This study investigates the impact of prompt linguistic complexity on inference energy consumption and environmental sustainability in large language models (LLMs) for software engineering tasks. We propose “Green Prompt Engineering,” a novel paradigm that explicitly incorporates linguistic readability as a core sustainability dimension in prompt design. Using an open-source small language model, we systematically evaluate the joint effect of prompts with varying readability levels on both energy consumption (kWh) and F1 score in a requirements classification task. Experimental results demonstrate that reducing prompt complexity yields substantial energy savings—up to 37% lower inference energy—while incurring only marginal performance degradation (F1 drop ≤1.2%). This work provides actionable, low-overhead strategies for sustainable AI deployment and establishes a new interdisciplinary research direction at the intersection of prompt engineering and green computing.

Language Models are increasingly applied in software engineering, yet their inference raises growing environmental concerns.
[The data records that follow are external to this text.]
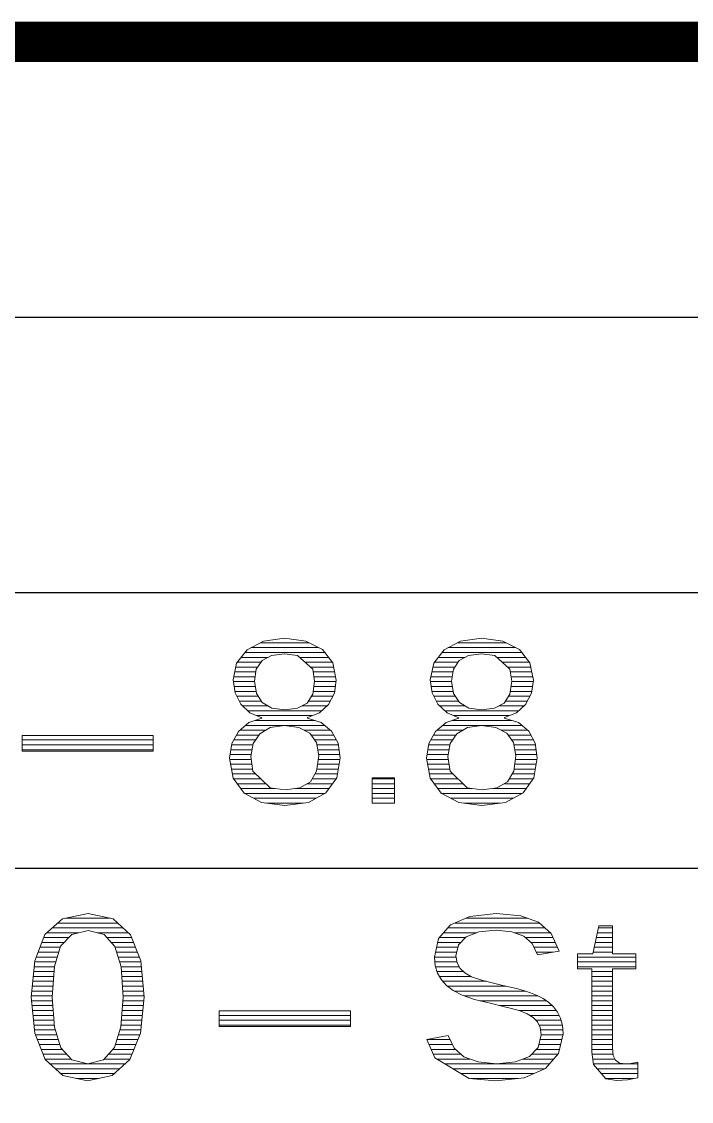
# Model space of a CAD drawing. Header units: millimetres. Extents: x 20 to 410, y 10 to 287.
# Drawn here: x 135.99 to 144.26, y 47.92 to 61.25 of the extents above; entities that cross this region are included whole.
import ezdxf

# ---------------------------------------------------------------- set-up
doc = ezdxf.new("R2010")
doc.units = ezdxf.units.MM
for name, color, linetype, lineweight in [('DUENN', 7, 'Continuous', 25), ('KANTEN', 7, 'Continuous', 50), ('TEXT', 7, 'Continuous', 13)]:
    doc.layers.add(name, color=color, linetype=linetype, lineweight=lineweight)

msp = doc.modelspace()

# ---------------------------------------------------------------- linework, layer by layer
at = {"layer": 'DUENN', "lineweight": 25}
for points in [[(20, 57.6), (200, 57.6)], [(20, 54.2), (200, 54.2)], [(20, 50.8), (200, 50.8)]]:
    msp.add_lwpolyline(points, dxfattribs=at)
at = {"layer": 'KANTEN', "lineweight": 50, "const_width": 0.5}
msp.add_lwpolyline([(20, 10), (200, 10), (200, 61), (20, 61)], close=True, dxfattribs=at)
at = {"layer": 'TEXT', "lineweight": 13}
for p, q in [((138.746, 53.461), (139.728, 53.461)), ((138.823, 53.521), (139.653, 53.521)), ((138.936, 53.581), (139.537, 53.581)), ((141.178, 53.461), (142.161, 53.461)), ((141.255, 53.521), (142.085, 53.521)), ((141.368, 53.581), (141.97, 53.581)), ((138.652, 53.341), (138.945, 53.341)), ((138.699, 53.401), (139.032, 53.401)), ((139.422, 53.401), (139.776, 53.401)), ((139.488, 53.341), (139.823, 53.341)), ((141.084, 53.341), (141.377, 53.341)), ((141.131, 53.401), (141.464, 53.401)), ((141.854, 53.401), (142.208, 53.401)), ((141.92, 53.341), (142.255, 53.341)), ((138.621, 53.221), (138.881, 53.221)), ((138.633, 53.281), (138.905, 53.281)), ((139.553, 53.281), (139.84, 53.281)), ((139.588, 53.221), (139.852, 53.221)), ((141.053, 53.221), (141.313, 53.221)), ((141.066, 53.281), (141.337, 53.281)), ((141.986, 53.281), (142.272, 53.281)), ((142.02, 53.221), (142.284, 53.221)), ((138.604, 53.101), (138.863, 53.101)), ((138.609, 53.161), (138.872, 53.161)), ((139.598, 53.161), (139.864, 53.161)), ((139.606, 53.101), (139.87, 53.101)), ((141.036, 53.101), (141.295, 53.101)), ((141.041, 53.161), (141.304, 53.161)), ((142.03, 53.161), (142.296, 53.161)), ((142.038, 53.101), (142.302, 53.101)), ((138.612, 53.041), (138.873, 53.041)), ((138.621, 52.981), (138.882, 52.981)), ((139.588, 52.981), (139.852, 52.981)), ((139.597, 53.041), (139.861, 53.041)), ((141.045, 53.041), (141.305, 53.041)), ((141.054, 52.981), (141.315, 52.981)), ((142.02, 52.981), (142.284, 52.981)), ((142.029, 53.041), (142.293, 53.041)), ((138.645, 52.921), (138.908, 52.921)), ((138.675, 52.861), (138.948, 52.861)), ((138.717, 52.801), (139.031, 52.801)), ((139.448, 52.801), (139.758, 52.801)), ((139.528, 52.861), (139.799, 52.861)), ((139.567, 52.921), (139.829, 52.921)), ((141.077, 52.921), (141.34, 52.921)), ((141.107, 52.861), (141.38, 52.861)), ((141.149, 52.801), (141.464, 52.801)), ((141.88, 52.801), (142.19, 52.801)), ((141.961, 52.861), (142.231, 52.861)), ((142, 52.921), (142.262, 52.921)), ((138.781, 52.741), (139.693, 52.741)), ((138.891, 52.681), (139.577, 52.681)), ((141.213, 52.741), (142.125, 52.741)), ((141.324, 52.681), (142.009, 52.681)), ((138.754, 52.561), (139.729, 52.561)), ((138.871, 52.621), (139.611, 52.621)), ((141.187, 52.561), (142.162, 52.561)), ((141.304, 52.621), (142.043, 52.621)), ((138.64, 52.441), (138.917, 52.441)), ((138.683, 52.501), (139.003, 52.501)), ((139.477, 52.501), (139.801, 52.501)), ((139.562, 52.441), (139.842, 52.441)), ((141.072, 52.441), (141.349, 52.441)), ((141.115, 52.501), (141.435, 52.501)), ((141.909, 52.501), (142.234, 52.501)), ((141.994, 52.441), (142.274, 52.441)), ((135.995, 52.381), (137.615, 52.381)), ((135.995, 52.321), (137.615, 52.321)), ((135.995, 52.261), (137.615, 52.261)), ((138.57, 52.261), (138.833, 52.261)), ((138.579, 52.321), (138.843, 52.321)), ((138.606, 52.381), (138.876, 52.381)), ((139.604, 52.381), (139.874, 52.381)), ((139.633, 52.321), (139.898, 52.321)), ((139.643, 52.261), (139.907, 52.261)), ((141.002, 52.261), (141.265, 52.261)), ((141.011, 52.321), (141.275, 52.321)), ((141.039, 52.381), (141.308, 52.381)), ((142.036, 52.381), (142.306, 52.381)), ((142.065, 52.321), (142.331, 52.321)), ((142.075, 52.261), (142.339, 52.261)), ((138.556, 52.141), (138.824, 52.141)), ((138.56, 52.201), (138.822, 52.201)), ((139.65, 52.141), (139.919, 52.141)), ((139.653, 52.201), (139.916, 52.201)), ((140.989, 52.141), (141.256, 52.141)), ((140.993, 52.201), (141.255, 52.201)), ((142.082, 52.141), (142.351, 52.141)), ((142.085, 52.201), (142.348, 52.201)), ((138.567, 52.081), (138.833, 52.081)), ((138.578, 52.021), (138.841, 52.021)), ((139.634, 52.021), (139.897, 52.021)), ((139.642, 52.081), (139.908, 52.081)), ((141, 52.081), (141.265, 52.081)), ((141.011, 52.021), (141.273, 52.021)), ((142.066, 52.021), (142.33, 52.021)), ((142.074, 52.081), (142.34, 52.081)), ((138.589, 51.961), (138.881, 51.961)), ((138.604, 51.901), (138.942, 51.901)), ((139.576, 51.901), (139.87, 51.901)), ((139.611, 51.961), (139.887, 51.961)), ((140.315, 51.901), (140.593, 51.901)), ((141.021, 51.961), (141.313, 51.961)), ((141.036, 51.901), (141.375, 51.901)), ((142.008, 51.901), (142.302, 51.901)), ((142.043, 51.961), (142.319, 51.961)), ((138.648, 51.841), (139.004, 51.841)), ((138.692, 51.781), (139.115, 51.781)), ((139.37, 51.781), (139.784, 51.781)), ((139.515, 51.841), (139.827, 51.841)), ((140.315, 51.841), (140.593, 51.841)), ((140.315, 51.781), (140.593, 51.781)), ((141.08, 51.841), (141.436, 51.841)), ((141.125, 51.781), (141.548, 51.781)), ((141.803, 51.781), (142.216, 51.781)), ((141.947, 51.841), (142.259, 51.841)), ((138.739, 51.721), (139.735, 51.721)), ((138.853, 51.661), (139.625, 51.661)), ((139.012, 51.601), (139.464, 51.601)), ((140.315, 51.721), (140.593, 51.721)), ((140.315, 51.661), (140.593, 51.661)), ((140.315, 51.601), (140.593, 51.601)), ((141.171, 51.721), (142.168, 51.721)), ((141.285, 51.661), (142.057, 51.661)), ((141.445, 51.601), (141.896, 51.601)), ((136.54, 50.181), (137.073, 50.181)), ((141.476, 50.181), (142.231, 50.181)), ((136.303, 50.001), (136.694, 50.001)), ((136.37, 50.061), (137.24, 50.061)), ((136.438, 50.121), (137.174, 50.121)), ((136.922, 50.001), (137.306, 50.001)), ((141.199, 50.001), (141.606, 50.001)), ((141.252, 50.061), (142.447, 50.061)), ((141.339, 50.121), (142.382, 50.121)), ((142.074, 50.001), (142.512, 50.001)), ((143.094, 50.001), (143.283, 50.001)), ((143.107, 50.061), (143.283, 50.061)), ((136.239, 49.881), (136.513, 49.881)), ((136.263, 49.941), (136.57, 49.941)), ((137.044, 49.941), (137.348, 49.941)), ((137.098, 49.881), (137.371, 49.881)), ((141.125, 49.881), (141.41, 49.881)), ((141.147, 49.941), (141.467, 49.941)), ((142.208, 49.941), (142.547, 49.941)), ((142.275, 49.881), (142.575, 49.881)), ((143.067, 49.881), (143.283, 49.881)), ((143.081, 49.941), (143.283, 49.941)), ((136.192, 49.761), (136.448, 49.761)), ((136.215, 49.821), (136.466, 49.821)), ((137.145, 49.821), (137.395, 49.821)), ((137.163, 49.761), (137.418, 49.761)), ((141.099, 49.761), (141.361, 49.761)), ((141.112, 49.821), (141.375, 49.821)), ((142.313, 49.821), (142.602, 49.821)), ((142.34, 49.761), (142.545, 49.761)), ((143.041, 49.761), (143.283, 49.761)), ((143.054, 49.821), (143.283, 49.821)), ((136.149, 49.641), (136.412, 49.641)), ((136.168, 49.701), (136.43, 49.701)), ((137.181, 49.701), (137.441, 49.701)), ((137.199, 49.641), (137.462, 49.641)), ((141.086, 49.701), (141.352, 49.701)), ((141.091, 49.641), (141.361, 49.641)), ((142.849, 49.701), (143.568, 49.701)), ((142.849, 49.641), (143.568, 49.641)), ((136.133, 49.461), (136.385, 49.461)), ((136.138, 49.521), (136.39, 49.521)), ((136.144, 49.581), (136.394, 49.581)), ((137.216, 49.581), (137.467, 49.581)), ((137.221, 49.521), (137.473, 49.521)), ((137.225, 49.461), (137.478, 49.461)), ((141.099, 49.581), (141.389, 49.581)), ((141.117, 49.521), (141.442, 49.521)), ((141.146, 49.461), (141.536, 49.461)), ((142.849, 49.581), (143.568, 49.581)), ((143.027, 49.521), (143.283, 49.521)), ((143.027, 49.461), (143.283, 49.461)), ((136.121, 49.341), (136.377, 49.341)), ((136.127, 49.401), (136.381, 49.401)), ((137.229, 49.401), (137.484, 49.401)), ((137.233, 49.341), (137.49, 49.341)), ((141.185, 49.401), (141.721, 49.401)), ((141.242, 49.341), (141.969, 49.341)), ((143.027, 49.401), (143.283, 49.401)), ((143.027, 49.341), (143.283, 49.341)), ((136.11, 49.221), (136.369, 49.221)), ((136.116, 49.281), (136.373, 49.281)), ((137.237, 49.281), (137.495, 49.281)), ((137.241, 49.221), (137.501, 49.221)), ((141.327, 49.281), (142.203, 49.281)), ((141.454, 49.221), (142.36, 49.221)), ((143.027, 49.281), (143.283, 49.281)), ((143.027, 49.221), (143.283, 49.221)), ((136.113, 49.161), (136.371, 49.161)), ((136.119, 49.101), (136.375, 49.101)), ((137.235, 49.101), (137.492, 49.101)), ((137.239, 49.161), (137.498, 49.161)), ((141.646, 49.161), (142.466, 49.161)), ((141.893, 49.101), (142.539, 49.101)), ((143.027, 49.161), (143.283, 49.161)), ((143.027, 49.101), (143.283, 49.101)), ((136.124, 49.041), (136.379, 49.041)), ((136.13, 48.981), (136.384, 48.981)), ((137.226, 48.981), (137.48, 48.981)), ((137.231, 49.041), (137.486, 49.041)), ((138.427, 48.981), (140.047, 48.981)), ((142.127, 49.041), (142.588, 49.041)), ((142.261, 48.981), (142.623, 48.981)), ((143.027, 49.041), (143.283, 49.041)), ((143.027, 48.981), (143.283, 48.981)), ((136.136, 48.921), (136.388, 48.921)), ((136.142, 48.861), (136.392, 48.861)), ((136.148, 48.801), (136.404, 48.801)), ((137.204, 48.801), (137.462, 48.801)), ((137.218, 48.861), (137.468, 48.861)), ((137.222, 48.921), (137.474, 48.921)), ((138.427, 48.921), (140.047, 48.921)), ((138.427, 48.861), (140.047, 48.861)), ((142.335, 48.921), (142.646, 48.921)), ((142.375, 48.861), (142.662, 48.861)), ((142.394, 48.801), (142.667, 48.801)), ((143.027, 48.921), (143.283, 48.921)), ((143.027, 48.861), (143.283, 48.861)), ((143.027, 48.801), (143.283, 48.801)), ((136.159, 48.741), (136.422, 48.741)), ((136.183, 48.681), (136.441, 48.681)), ((137.167, 48.681), (137.426, 48.681)), ((137.186, 48.741), (137.45, 48.741)), ((140.992, 48.681), (141.279, 48.681)), ((142.388, 48.681), (142.655, 48.681)), ((142.401, 48.741), (142.668, 48.741)), ((143.027, 48.741), (143.283, 48.741)), ((143.027, 48.681), (143.283, 48.681)), ((136.207, 48.621), (136.459, 48.621)), ((136.231, 48.561), (136.488, 48.561)), ((137.117, 48.561), (137.377, 48.561)), ((137.149, 48.621), (137.401, 48.621)), ((141.018, 48.621), (141.306, 48.621)), ((141.044, 48.561), (141.344, 48.561)), ((142.342, 48.561), (142.628, 48.561)), ((142.374, 48.621), (142.641, 48.621)), ((143.027, 48.621), (143.283, 48.621)), ((143.027, 48.561), (143.285, 48.561)), ((136.255, 48.501), (136.543, 48.501)), ((136.28, 48.441), (136.598, 48.441)), ((137.01, 48.441), (137.328, 48.441)), ((137.064, 48.501), (137.352, 48.501)), ((141.07, 48.501), (141.412, 48.501)), ((141.117, 48.441), (141.523, 48.441)), ((142.175, 48.441), (142.558, 48.441)), ((142.285, 48.501), (142.611, 48.501)), ((143.03, 48.501), (143.291, 48.501)), ((143.038, 48.441), (143.312, 48.441)), ((136.341, 48.381), (136.803, 48.381)), ((136.407, 48.321), (137.199, 48.321)), ((136.473, 48.261), (137.132, 48.261)), ((136.806, 48.381), (137.265, 48.381)), ((141.217, 48.381), (142.504, 48.381)), ((141.317, 48.321), (142.448, 48.321)), ((141.417, 48.261), (142.311, 48.261)), ((143.045, 48.381), (143.443, 48.381)), ((143.092, 48.321), (143.593, 48.321)), ((143.145, 48.261), (143.593, 48.261)), ((143.45, 48.381), (143.593, 48.381)), ((136.664, 48.201), (136.94, 48.201)), ((141.533, 48.201), (142.118, 48.201)), ((143.198, 48.201), (143.543, 48.201))]:
    msp.add_line(p, q, dxfattribs=at)
for points in [[(139.239, 51.571), (138.952, 51.609), (138.735, 51.724), (138.599, 51.908), (138.554, 52.157), (138.582, 52.338), (138.666, 52.487), (138.794, 52.595), (138.954, 52.65), (138.954, 52.655), (138.807, 52.716), (138.695, 52.822), (138.624, 52.961), (138.601, 53.123), (138.643, 53.33), (138.772, 53.494), (138.973, 53.601), (139.233, 53.637), (139.498, 53.602), (139.701, 53.497), (139.83, 53.333), (139.872, 53.119), (139.849, 52.958), (139.777, 52.819), (139.664, 52.715), (139.517, 52.658), (139.517, 52.652), (139.687, 52.596), (139.815, 52.49), (139.895, 52.341), (139.922, 52.16), (139.878, 51.913), (139.745, 51.727), (139.53, 51.61), (139.239, 51.571)], [(142.178, 51.727), (141.963, 51.61), (141.671, 51.571), (141.384, 51.609), (141.167, 51.724), (141.031, 51.908), (140.986, 52.157), (141.014, 52.338), (141.098, 52.487), (141.227, 52.595), (141.386, 52.65), (141.386, 52.655), (141.24, 52.716), (141.128, 52.822), (141.056, 52.961), (141.033, 53.123), (141.076, 53.33), (141.204, 53.494), (141.405, 53.601), (141.665, 53.637), (141.93, 53.602), (142.133, 53.497), (142.262, 53.333), (142.305, 53.119), (142.281, 52.958), (142.209, 52.819), (142.096, 52.715), (141.949, 52.658), (141.949, 52.652), (142.12, 52.596), (142.248, 52.49), (142.328, 52.341), (142.354, 52.16), (142.31, 51.913), (142.178, 51.727)], [(139.074, 53.424), (138.957, 53.36), (138.886, 53.254), (138.863, 53.105), (138.887, 52.953), (138.96, 52.842), (139.078, 52.775), (139.236, 52.752), (139.395, 52.773), (139.512, 52.835), (139.583, 52.945), (139.606, 53.105), (139.583, 53.254), (139.396, 53.424), (139.233, 53.446), (139.074, 53.424)], [(141.829, 53.424), (141.665, 53.446), (141.506, 53.424), (141.39, 53.36), (141.318, 53.254), (141.295, 53.105), (141.319, 52.953), (141.392, 52.842), (141.51, 52.775), (141.668, 52.752), (141.827, 52.773), (141.944, 52.835), (142.015, 52.945), (142.039, 53.105), (142.015, 53.254), (141.829, 53.424)], [(139.411, 52.536), (139.233, 52.56), (139.059, 52.534), (138.928, 52.458), (138.846, 52.337), (138.818, 52.178), (138.845, 51.997), (139.057, 51.79), (139.242, 51.764), (139.424, 51.789), (139.553, 51.864), (139.63, 51.994), (139.656, 52.184), (139.628, 52.348), (139.545, 52.465), (139.411, 52.536)], [(142.06, 52.348), (141.977, 52.465), (141.843, 52.536), (141.665, 52.56), (141.492, 52.534), (141.36, 52.458), (141.278, 52.337), (141.251, 52.178), (141.277, 51.997), (141.489, 51.79), (141.674, 51.764), (141.856, 51.789), (141.986, 51.864), (142.063, 51.994), (142.088, 52.184), (142.06, 52.348)], [(135.995, 52.242), (135.995, 52.438), (137.615, 52.438), (137.615, 52.242), (135.995, 52.242)], [(140.593, 51.912), (140.593, 51.6), (140.315, 51.6), (140.315, 51.912), (140.593, 51.912)], [(137.458, 48.761), (137.325, 48.436), (137.106, 48.237), (136.802, 48.171), (136.499, 48.237), (136.282, 48.435), (136.152, 48.759), (136.109, 49.204), (136.151, 49.656), (136.277, 49.979), (136.495, 50.172), (136.811, 50.237), (137.119, 50.171), (137.334, 49.976), (137.461, 49.653), (137.503, 49.204), (137.458, 48.761)], [(142.671, 48.754), (142.616, 48.508), (142.453, 48.324), (142.192, 48.209), (141.842, 48.171), (141.514, 48.203), (141.089, 48.458), (140.992, 48.681), (141.255, 48.734), (141.326, 48.577), (141.449, 48.468), (141.624, 48.405), (141.852, 48.384), (142.085, 48.406), (142.258, 48.474), (142.366, 48.586), (142.401, 48.74), (142.39, 48.829), (142.357, 48.899), (142.303, 48.955), (142.23, 49), (142.141, 49.037), (142.037, 49.067), (141.918, 49.096), (141.788, 49.126), (141.579, 49.178), (141.426, 49.231), (141.316, 49.287), (141.232, 49.348), (141.17, 49.419), (141.123, 49.5), (141.095, 49.594), (141.086, 49.7), (141.135, 49.928), (141.283, 50.097), (141.523, 50.202), (141.848, 50.237), (142.149, 50.21), (142.37, 50.132), (142.524, 49.99), (142.624, 49.775), (142.356, 49.728), (142.292, 49.866), (142.188, 49.96), (142.04, 50.014), (141.845, 50.032), (141.632, 50.012), (141.477, 49.952), (141.382, 49.852), (141.35, 49.714), (141.363, 49.629), (141.4, 49.561), (141.46, 49.505), (141.541, 49.458), (141.68, 49.411), (141.91, 49.355), (142.002, 49.334), (142.095, 49.312), (142.185, 49.287), (142.271, 49.259), (142.352, 49.225), (142.428, 49.187), (142.496, 49.141), (142.555, 49.086), (142.604, 49.021), (142.64, 48.945), (142.663, 48.856), (142.671, 48.754)], [(137.217, 49.578), (137.142, 49.833), (137.009, 49.98), (136.811, 50.029), (136.608, 49.981), (136.471, 49.837), (136.394, 49.582), (136.368, 49.204), (136.394, 48.834), (136.472, 48.579), (136.608, 48.43), (136.805, 48.381), (137.001, 48.431), (137.137, 48.583), (137.216, 48.839), (137.242, 49.204), (137.217, 49.578)], [(143.593, 48.211), (143.465, 48.186), (143.335, 48.177), (143.2, 48.199), (143.046, 48.374), (143.027, 48.526), (143.027, 49.554), (142.849, 49.554), (142.849, 49.741), (143.037, 49.741), (143.112, 50.086), (143.283, 50.086), (143.283, 49.741), (143.568, 49.741), (143.568, 49.554), (143.283, 49.554), (143.283, 48.582), (143.292, 48.487), (143.319, 48.426), (143.369, 48.392), (143.445, 48.381), (143.508, 48.386), (143.593, 48.401), (143.593, 48.211)], [(138.427, 48.842), (138.427, 49.038), (140.047, 49.038), (140.047, 48.842), (138.427, 48.842)]]:
    msp.add_lwpolyline(points, close=True, dxfattribs=at)

doc.saveas('drawing.dxf')

Prior work has examined hardware choices and prompt length, but little attention has been paid to linguistic complexity as a sustainability factor. This paper introduces Green Prompt Engineering, framing linguistic complexity as a design dimension that can influence energy consumption and performance. We conduct an empirical study on requirement classification using open-source Small Language Models, varying the readability of prompts. Our results reveal that readability affects environmental sustainability and performance, exposing trade-offs between them. For practitioners, simpler prompts can reduce energy costs without a significant F1-score loss; for researchers, it opens a path toward guidelines and studies on sustainable prompt design within the Green AI agenda.